La importancia de las proteínas en la defensa del tejido muscular
La llegada de los fármacos análogos del GLP-1 ha revolucionado el tratamiento de la obesidad y el sobrepeso, actuando sobre la sensación de saciedad y ralentizando el vaciamiento gástrico. Sin embargo, una pérdida de peso muy rápida puede llevar a la reducción de la masa magra, es decir, de los músculos. Cuando el aporte calórico se reduce drásticamente, el cuerpo puede obtener energía no solo de la grasa, sino también de las proteínas musculares. Para contrarrestar esta pérdida, el aporte proteico se vuelve fundamental. Es aconsejable priorizar fuentes de proteínas de alto valor biológico en cada comida: carnes magras, pescado, huevos, lácteos bajos en grasa y legumbres. Mantener la masa muscular es crucial no solo por estética, sino también para preservar un metabolismo basal eficiente, evitando una caída excesiva del consumo calórico en reposo durante el proceso de adelgazamiento.

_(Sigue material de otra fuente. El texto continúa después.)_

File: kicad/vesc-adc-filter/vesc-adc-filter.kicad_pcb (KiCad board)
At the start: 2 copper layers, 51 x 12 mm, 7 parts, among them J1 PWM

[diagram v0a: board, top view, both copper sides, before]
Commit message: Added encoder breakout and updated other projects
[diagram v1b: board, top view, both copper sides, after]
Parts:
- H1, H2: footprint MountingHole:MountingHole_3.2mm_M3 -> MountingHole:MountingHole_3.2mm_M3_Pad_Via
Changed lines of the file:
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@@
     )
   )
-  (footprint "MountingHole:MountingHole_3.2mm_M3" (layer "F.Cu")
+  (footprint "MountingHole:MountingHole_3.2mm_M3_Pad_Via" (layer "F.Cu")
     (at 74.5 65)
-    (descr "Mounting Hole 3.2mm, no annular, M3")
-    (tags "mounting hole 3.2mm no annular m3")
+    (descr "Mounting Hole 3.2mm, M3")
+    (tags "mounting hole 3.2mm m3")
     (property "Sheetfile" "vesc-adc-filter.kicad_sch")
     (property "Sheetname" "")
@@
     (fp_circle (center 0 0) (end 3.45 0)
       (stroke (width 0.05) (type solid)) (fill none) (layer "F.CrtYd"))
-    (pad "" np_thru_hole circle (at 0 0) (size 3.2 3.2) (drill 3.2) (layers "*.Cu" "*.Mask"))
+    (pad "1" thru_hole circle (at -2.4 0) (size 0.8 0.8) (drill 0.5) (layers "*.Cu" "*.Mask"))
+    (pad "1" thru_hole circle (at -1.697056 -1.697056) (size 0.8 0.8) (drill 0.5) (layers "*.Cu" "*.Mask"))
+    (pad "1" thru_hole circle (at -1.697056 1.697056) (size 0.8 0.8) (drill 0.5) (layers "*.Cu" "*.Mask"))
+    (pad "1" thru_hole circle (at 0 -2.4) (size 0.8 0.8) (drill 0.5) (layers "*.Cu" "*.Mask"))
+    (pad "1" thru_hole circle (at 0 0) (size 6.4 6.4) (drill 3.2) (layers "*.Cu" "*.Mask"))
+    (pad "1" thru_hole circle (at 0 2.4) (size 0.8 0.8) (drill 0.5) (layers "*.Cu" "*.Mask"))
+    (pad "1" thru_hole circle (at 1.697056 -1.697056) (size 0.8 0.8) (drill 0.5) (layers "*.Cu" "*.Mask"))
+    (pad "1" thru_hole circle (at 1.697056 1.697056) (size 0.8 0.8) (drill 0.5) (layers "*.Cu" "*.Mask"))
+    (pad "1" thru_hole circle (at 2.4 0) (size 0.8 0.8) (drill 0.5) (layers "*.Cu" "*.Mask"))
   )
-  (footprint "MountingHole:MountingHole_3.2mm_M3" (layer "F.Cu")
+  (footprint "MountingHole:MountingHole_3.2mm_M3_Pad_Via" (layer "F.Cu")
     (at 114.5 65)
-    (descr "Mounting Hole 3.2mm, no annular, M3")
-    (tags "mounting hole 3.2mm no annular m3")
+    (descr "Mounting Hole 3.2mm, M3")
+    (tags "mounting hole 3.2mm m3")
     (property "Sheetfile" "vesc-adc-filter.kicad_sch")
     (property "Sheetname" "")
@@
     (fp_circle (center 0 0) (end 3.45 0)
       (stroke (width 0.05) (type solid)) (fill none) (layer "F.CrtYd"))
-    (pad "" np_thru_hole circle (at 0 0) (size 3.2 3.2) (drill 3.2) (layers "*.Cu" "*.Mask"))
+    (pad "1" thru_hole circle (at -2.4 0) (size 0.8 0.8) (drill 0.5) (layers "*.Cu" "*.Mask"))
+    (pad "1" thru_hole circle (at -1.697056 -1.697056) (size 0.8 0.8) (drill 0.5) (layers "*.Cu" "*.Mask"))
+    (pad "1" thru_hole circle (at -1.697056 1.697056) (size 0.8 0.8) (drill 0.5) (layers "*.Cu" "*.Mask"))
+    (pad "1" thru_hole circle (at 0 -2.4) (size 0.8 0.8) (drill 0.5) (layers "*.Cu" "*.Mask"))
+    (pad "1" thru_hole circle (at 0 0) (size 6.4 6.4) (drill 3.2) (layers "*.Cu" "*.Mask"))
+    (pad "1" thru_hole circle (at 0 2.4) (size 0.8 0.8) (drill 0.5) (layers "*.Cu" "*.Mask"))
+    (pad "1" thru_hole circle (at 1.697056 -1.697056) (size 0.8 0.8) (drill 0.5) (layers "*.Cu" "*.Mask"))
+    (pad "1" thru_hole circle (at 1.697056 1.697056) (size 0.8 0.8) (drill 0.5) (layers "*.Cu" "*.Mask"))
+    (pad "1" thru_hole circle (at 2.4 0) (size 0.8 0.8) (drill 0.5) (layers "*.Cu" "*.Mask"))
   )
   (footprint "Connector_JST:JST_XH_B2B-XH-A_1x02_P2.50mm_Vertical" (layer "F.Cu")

Calidad sobre cantidad: la densidad nutricional en el plato
Dado que los fármacos GLP-1 reducen significativamente el apetito, la cantidad de comida ingerida disminuye. Esto hace que cada bocado sea precioso. No hay espacio para las llamadas calorías vacías, es decir, alimentos ricos en azúcares y grasas saturadas pero pobres en nutrientes. La estrategia ganadora es la densidad nutricional: elegir alimentos que ofrezcan la máxima concentración de vitaminas, minerales y antioxidantes. Las verduras de hoja verde, los cereales integrales y los frutos rojos deben acompañar a las fuentes de proteínas para prevenir deficiencias micronutricionales. La restricción calórica nunca debe convertirse en desnutrición. Los expertos sugieren comenzar las comidas con proteínas, seguidas de verduras, para asegurar la ingesta de nutrientes esenciales antes de que aparezca la saciedad temprana inducida por el fármaco.
Hidratación y fibras: gestionar los efectos secundarios comunes
El uso de esta clase de fármacos puede influir en la motilidad intestinal, provocando a veces episodios de estreñimiento o, por el contrario, molestias digestivas. En este contexto, el agua y las fibras son cruciales. Una hidratación adecuada es fundamental no solo para la regularidad intestinal, sino también para apoyar la función muscular y los procesos metabólicos de eliminación de grasas. Se recomienda beber al menos 1,5-2 litros de agua al día. Las fibras, presentes en hortalizas, frutas y legumbres, contribuyen a la salud de la microbiota intestinal, importante para la regulación del peso y la reducción de la inflamación sistémica. Es aconsejable aumentar la ingesta de fibras gradualmente para permitir que el sistema digestivo se adapte, sin causar hinchazón o náuseas.
El papel sinérgico de la actividad física de resistencia
Incluso con una nutrición óptima, la dieta por sí sola podría no ser suficiente para prevenir la sarcopenia funcional durante una pérdida de peso importante. La actividad física de resistencia, como el levantamiento de pesas o el entrenamiento con peso corporal, se considera parte integral de la terapia farmacológica. Este tipo de ejercicio estimula al cuerpo a preservar el tejido muscular, orientando la pérdida de peso principalmente hacia la masa grasa. En resumen, el enfoque ideal con los fármacos GLP-1 no consiste simplemente en comer menos, sino en comer mejor, asegurando un aporte proteico constante y manteniendo el cuerpo activo. Solo esta combinación de fármaco, nutrición dirigida y actividad física puede llevar a un adelgazamiento saludable, duradero y respetuoso con la funcionalidad metabólica.